The interview is simply sad, I feel. He looks and sounds in a bad way. I have known the poem for many years and only just spotted the interview on YouTube. In other words the journey was from the poem to the interview. It might be very different the other way around.

I see from your own website that boredom and manic depression feature there. The strange thing about the Berryman poem - about many of Berryman's poems, especially the Dream Songs - is that the manic nature of the depression is fully articulated in them in the form of drama. Once they are in that form they seem less like personality and more like art.

The great difficulty with, what has come to be called, 'confessional' poetry is that it had to draw very heavily on personality. It depended on it for its energy. It was one of the reasons Larkin couldn't bear Plath and why Berryman's mother was probably on the right track. Notice she doesn't say that if you are bored you have no inner resources - it is if you confess you're bored that you have no inner resources. It is the confession she was criticising, not the boredom. (That might, in fact be the core critique of confessional poetry).

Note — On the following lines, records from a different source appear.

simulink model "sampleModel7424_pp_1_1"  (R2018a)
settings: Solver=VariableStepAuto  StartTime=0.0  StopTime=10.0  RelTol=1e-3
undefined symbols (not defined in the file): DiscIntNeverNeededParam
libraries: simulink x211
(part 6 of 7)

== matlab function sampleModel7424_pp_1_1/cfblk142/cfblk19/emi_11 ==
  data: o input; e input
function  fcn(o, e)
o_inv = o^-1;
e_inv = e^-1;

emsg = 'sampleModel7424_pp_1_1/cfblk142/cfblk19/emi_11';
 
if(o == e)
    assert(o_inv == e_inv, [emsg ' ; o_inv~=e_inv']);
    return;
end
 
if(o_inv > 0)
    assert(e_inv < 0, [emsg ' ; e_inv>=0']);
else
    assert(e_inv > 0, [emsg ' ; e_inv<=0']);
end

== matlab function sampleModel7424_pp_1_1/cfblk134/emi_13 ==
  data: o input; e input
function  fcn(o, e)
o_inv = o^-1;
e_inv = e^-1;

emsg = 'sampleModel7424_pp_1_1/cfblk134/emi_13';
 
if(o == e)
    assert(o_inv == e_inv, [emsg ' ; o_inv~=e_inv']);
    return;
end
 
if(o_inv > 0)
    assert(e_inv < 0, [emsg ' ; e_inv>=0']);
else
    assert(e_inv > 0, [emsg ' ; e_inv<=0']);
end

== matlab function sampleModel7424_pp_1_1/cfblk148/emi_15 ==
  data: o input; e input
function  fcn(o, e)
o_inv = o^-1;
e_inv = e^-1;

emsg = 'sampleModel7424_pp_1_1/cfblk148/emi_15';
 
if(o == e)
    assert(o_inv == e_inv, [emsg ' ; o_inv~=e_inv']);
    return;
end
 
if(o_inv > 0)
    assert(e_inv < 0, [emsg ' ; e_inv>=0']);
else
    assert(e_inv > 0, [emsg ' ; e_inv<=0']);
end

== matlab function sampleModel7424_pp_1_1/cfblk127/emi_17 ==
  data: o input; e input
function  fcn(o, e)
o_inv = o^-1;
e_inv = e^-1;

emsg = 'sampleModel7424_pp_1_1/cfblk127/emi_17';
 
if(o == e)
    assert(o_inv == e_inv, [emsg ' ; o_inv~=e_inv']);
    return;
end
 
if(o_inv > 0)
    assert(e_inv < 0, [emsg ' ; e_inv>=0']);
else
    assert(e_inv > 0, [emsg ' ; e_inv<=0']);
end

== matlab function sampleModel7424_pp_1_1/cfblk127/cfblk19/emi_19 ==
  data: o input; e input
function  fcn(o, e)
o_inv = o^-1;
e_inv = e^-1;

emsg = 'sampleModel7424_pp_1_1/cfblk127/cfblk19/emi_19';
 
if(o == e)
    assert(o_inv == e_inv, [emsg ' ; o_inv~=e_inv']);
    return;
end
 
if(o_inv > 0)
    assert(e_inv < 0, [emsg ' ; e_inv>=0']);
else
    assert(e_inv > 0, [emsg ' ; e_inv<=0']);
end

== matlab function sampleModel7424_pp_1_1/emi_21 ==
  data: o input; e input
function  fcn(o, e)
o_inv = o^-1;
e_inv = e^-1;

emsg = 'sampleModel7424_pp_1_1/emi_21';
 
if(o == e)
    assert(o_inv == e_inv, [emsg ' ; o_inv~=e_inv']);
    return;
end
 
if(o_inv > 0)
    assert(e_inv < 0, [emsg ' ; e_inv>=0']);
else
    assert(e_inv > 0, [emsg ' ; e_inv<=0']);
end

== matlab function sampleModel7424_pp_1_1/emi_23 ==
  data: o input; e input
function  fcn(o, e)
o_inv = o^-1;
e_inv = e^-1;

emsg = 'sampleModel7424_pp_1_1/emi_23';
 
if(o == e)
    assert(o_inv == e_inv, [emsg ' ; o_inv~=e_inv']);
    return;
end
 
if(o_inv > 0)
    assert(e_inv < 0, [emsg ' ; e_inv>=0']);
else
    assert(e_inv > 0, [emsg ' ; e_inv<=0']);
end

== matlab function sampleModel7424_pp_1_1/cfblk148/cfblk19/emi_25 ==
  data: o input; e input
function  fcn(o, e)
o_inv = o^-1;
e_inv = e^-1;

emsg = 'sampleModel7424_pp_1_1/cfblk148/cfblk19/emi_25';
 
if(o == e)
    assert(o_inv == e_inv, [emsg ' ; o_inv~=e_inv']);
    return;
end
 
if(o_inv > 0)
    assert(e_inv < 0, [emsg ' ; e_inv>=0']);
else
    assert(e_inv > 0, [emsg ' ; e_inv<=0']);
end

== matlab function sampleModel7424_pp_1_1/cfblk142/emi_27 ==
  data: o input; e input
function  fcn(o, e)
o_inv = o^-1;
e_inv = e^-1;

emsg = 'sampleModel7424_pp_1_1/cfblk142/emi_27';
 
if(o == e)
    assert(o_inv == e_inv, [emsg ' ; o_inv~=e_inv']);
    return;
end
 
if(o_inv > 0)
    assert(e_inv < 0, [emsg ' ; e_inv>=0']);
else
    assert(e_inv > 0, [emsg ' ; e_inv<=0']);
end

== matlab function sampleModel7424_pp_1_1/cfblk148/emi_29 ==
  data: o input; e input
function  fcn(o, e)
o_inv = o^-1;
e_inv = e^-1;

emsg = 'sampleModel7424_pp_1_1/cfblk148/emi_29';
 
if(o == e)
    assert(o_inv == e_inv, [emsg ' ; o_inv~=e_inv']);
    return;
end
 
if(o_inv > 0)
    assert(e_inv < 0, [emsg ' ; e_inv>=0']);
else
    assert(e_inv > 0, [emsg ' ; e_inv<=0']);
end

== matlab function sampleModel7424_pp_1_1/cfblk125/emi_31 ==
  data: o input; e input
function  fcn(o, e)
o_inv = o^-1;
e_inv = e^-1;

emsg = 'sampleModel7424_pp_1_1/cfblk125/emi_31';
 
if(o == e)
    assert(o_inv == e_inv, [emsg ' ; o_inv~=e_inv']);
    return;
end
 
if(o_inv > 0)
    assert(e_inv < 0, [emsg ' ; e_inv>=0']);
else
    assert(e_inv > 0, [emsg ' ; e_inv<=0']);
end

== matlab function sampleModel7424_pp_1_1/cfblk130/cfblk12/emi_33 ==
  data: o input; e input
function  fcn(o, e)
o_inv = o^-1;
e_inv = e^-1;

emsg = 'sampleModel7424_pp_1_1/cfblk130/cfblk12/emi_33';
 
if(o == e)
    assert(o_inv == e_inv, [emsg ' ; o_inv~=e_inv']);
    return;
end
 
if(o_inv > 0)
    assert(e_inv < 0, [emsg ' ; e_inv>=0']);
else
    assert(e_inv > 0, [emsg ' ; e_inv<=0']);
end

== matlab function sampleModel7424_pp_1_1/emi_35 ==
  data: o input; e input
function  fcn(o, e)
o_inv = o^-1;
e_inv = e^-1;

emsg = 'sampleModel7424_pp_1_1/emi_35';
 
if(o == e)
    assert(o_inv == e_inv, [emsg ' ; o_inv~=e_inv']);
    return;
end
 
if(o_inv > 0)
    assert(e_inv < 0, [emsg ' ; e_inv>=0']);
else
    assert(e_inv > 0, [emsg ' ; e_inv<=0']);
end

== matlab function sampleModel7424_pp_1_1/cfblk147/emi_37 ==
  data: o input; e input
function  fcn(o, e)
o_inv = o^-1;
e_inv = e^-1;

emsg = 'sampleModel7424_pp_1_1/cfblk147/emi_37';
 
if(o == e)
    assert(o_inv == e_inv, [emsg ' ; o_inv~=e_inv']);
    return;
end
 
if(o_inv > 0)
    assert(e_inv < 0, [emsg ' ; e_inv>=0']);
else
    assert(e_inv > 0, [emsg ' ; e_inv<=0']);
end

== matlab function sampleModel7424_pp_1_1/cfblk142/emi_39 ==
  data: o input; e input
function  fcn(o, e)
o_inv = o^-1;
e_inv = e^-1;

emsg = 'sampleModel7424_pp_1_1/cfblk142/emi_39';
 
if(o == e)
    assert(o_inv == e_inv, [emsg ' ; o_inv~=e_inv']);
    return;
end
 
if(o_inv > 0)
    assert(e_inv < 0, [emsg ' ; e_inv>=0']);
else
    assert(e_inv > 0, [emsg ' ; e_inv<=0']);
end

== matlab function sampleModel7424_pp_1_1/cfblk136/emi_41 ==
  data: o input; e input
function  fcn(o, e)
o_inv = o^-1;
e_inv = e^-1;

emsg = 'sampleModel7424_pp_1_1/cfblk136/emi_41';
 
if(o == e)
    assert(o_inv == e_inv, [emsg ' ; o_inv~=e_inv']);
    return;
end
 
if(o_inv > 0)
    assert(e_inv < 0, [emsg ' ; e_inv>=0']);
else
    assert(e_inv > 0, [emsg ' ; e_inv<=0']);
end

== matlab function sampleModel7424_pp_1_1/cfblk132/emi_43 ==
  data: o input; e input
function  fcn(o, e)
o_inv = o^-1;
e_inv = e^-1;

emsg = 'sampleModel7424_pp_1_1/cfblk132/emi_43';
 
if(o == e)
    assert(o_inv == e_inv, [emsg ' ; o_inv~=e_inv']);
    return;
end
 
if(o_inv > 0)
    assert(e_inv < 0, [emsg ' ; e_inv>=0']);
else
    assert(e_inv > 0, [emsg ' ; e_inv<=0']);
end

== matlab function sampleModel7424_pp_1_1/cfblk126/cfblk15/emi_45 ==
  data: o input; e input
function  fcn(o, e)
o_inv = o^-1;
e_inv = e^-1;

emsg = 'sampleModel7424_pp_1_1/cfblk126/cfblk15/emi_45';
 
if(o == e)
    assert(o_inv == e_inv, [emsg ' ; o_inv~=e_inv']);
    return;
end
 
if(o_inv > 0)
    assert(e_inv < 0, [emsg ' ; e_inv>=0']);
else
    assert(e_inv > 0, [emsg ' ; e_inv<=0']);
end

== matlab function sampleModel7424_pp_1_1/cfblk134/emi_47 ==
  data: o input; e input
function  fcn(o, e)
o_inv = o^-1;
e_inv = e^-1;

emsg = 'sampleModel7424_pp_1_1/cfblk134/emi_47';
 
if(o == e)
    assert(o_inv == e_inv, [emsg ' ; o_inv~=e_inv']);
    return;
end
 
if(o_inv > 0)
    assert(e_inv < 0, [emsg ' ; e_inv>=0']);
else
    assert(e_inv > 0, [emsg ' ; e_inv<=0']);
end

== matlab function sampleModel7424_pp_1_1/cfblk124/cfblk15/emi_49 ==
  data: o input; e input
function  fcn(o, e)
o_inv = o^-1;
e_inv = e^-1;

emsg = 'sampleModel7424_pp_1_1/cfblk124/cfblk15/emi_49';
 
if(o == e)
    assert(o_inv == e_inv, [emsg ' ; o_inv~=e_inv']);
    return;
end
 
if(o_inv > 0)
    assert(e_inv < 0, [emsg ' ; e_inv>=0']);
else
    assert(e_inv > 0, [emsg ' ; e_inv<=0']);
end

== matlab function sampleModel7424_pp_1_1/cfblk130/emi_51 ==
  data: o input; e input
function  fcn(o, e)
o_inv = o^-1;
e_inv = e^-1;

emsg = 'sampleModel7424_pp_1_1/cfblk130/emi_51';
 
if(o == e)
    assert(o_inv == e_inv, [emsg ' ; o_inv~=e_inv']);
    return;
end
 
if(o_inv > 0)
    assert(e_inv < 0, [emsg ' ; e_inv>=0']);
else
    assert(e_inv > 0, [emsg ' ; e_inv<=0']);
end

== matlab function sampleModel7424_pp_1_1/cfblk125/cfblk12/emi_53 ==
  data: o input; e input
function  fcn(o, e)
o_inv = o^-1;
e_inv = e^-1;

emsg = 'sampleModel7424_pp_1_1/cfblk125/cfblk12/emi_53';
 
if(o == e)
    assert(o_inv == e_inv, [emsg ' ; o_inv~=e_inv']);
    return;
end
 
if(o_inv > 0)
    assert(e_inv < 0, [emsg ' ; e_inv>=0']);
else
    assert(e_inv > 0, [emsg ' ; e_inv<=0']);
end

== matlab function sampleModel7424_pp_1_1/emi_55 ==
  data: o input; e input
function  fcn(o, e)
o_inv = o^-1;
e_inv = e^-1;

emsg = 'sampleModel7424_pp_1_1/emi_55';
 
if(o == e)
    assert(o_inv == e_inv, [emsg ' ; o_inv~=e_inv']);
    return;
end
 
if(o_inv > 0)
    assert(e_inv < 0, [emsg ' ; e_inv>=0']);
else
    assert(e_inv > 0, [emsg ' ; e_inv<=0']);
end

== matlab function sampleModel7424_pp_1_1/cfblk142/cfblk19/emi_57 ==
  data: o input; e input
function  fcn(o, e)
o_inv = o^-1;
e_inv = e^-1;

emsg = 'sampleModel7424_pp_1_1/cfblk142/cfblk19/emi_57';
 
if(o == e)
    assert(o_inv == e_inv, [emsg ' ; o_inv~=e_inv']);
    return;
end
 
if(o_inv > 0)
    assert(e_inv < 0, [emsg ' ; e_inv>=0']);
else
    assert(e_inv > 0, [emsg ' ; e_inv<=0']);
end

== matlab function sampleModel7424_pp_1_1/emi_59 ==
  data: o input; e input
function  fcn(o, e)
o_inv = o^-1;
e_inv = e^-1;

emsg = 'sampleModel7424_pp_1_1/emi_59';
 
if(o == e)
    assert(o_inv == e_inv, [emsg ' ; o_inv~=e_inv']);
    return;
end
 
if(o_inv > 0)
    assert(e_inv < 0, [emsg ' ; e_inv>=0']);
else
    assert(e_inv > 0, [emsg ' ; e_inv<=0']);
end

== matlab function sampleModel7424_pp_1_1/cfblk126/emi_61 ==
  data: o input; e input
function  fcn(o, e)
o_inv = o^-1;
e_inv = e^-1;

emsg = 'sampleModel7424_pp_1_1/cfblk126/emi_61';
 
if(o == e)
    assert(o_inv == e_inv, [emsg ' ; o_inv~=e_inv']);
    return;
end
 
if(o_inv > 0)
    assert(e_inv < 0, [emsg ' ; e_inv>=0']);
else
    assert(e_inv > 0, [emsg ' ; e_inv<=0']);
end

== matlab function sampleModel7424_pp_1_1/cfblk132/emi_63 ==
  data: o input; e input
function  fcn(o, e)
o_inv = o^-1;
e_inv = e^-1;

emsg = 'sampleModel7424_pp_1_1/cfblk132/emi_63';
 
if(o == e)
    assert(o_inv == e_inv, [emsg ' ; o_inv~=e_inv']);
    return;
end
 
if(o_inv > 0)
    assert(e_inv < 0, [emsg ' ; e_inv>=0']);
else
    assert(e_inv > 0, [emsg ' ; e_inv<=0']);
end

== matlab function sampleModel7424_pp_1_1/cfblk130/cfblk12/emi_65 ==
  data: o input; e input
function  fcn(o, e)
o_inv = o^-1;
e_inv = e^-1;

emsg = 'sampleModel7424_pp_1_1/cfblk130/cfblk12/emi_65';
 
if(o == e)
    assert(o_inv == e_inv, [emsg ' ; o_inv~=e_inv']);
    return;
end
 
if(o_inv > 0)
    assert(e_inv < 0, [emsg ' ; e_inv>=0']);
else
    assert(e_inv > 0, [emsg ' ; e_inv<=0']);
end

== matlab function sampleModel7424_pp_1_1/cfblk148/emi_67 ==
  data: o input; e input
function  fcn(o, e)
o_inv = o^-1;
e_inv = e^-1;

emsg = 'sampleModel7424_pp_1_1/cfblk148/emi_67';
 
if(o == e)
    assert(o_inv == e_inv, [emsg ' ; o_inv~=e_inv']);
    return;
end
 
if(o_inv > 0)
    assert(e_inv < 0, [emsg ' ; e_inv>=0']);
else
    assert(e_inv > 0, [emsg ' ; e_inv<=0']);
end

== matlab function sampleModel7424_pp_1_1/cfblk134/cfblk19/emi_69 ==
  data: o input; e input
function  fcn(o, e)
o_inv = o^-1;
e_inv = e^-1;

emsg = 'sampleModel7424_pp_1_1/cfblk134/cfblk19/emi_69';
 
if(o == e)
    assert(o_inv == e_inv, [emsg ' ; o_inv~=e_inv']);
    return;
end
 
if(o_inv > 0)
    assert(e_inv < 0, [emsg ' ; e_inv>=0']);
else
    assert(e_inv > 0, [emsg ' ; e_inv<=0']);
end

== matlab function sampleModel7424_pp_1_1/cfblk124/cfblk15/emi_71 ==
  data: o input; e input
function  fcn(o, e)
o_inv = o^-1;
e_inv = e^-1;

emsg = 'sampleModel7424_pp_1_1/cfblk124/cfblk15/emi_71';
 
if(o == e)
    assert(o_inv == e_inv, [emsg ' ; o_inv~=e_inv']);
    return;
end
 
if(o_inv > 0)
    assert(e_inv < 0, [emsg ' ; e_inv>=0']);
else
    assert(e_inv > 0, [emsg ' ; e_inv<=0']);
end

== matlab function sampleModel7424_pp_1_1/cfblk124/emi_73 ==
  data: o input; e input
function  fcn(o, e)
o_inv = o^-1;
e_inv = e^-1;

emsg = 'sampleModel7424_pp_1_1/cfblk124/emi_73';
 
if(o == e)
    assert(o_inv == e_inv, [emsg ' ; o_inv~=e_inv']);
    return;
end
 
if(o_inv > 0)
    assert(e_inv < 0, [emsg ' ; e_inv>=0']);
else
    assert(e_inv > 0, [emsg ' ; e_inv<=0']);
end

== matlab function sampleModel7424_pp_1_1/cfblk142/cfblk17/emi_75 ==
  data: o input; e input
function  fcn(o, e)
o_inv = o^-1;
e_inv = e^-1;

Essentially she was saying: keep a stiff upper lip, keep your head when all about you are losing theirs, play up play up and play the game, don't give in to self-pity.

The poem dramatises - beautifully - the giving in to self-pity, which is, if we are honest, something we all feel, but are loath to confess.

Anonymous said...

My mother said something similar when I was young. I have probably said it myself to my own children. Perhaps I will never say it again now!

I occasionally feel boredom, but it is visceral not mental for me. Now I am in mind of Anne Sexton and I am not sure I want to be... Thank you for sharing your insight.

Anonymous said...

What I see in Berryman's words and countenance- and in the tone of his delivery, is the sense of a desertion- of the thinginness of things and people and animals leaving him. So that he is left with the cheshire cat's smile, or the wag of a dog's tail. I think this is an intensification of affect that goes on multiplying over and over like a distillation that must, if it continues, lead to untouchability. Think he's talking about the affectation of describing objects/words/nature as animated beings- when really what remains is that "We ourselves flash and yearn" - only this and the only time in the poem he doesn't use boredom.
My mother is bi-polar and I have grown up to love and fear this distillation of intensity that connects so completely that it can both feel and imagine deeply and also empty the subject that provokes the feeling into something devoid that cannot feel back- into something boring. There can be a sense of desertion on both sides but it needs to be addressed-can become a conscious language, held delicately through something between touch and seperation.

Ruth

Gwil W said...

He's only bored in a Dylan Thomas kind of way. It comes from overconsumption of one's social lubricant. A few days abstinence will cure it.

Dylan, after he'd been speaking to his audience for some time suddenly stopped. Perhaps this took place in the Brown's Hotel. He suddenly said: Somebody's boring me. I think it's me.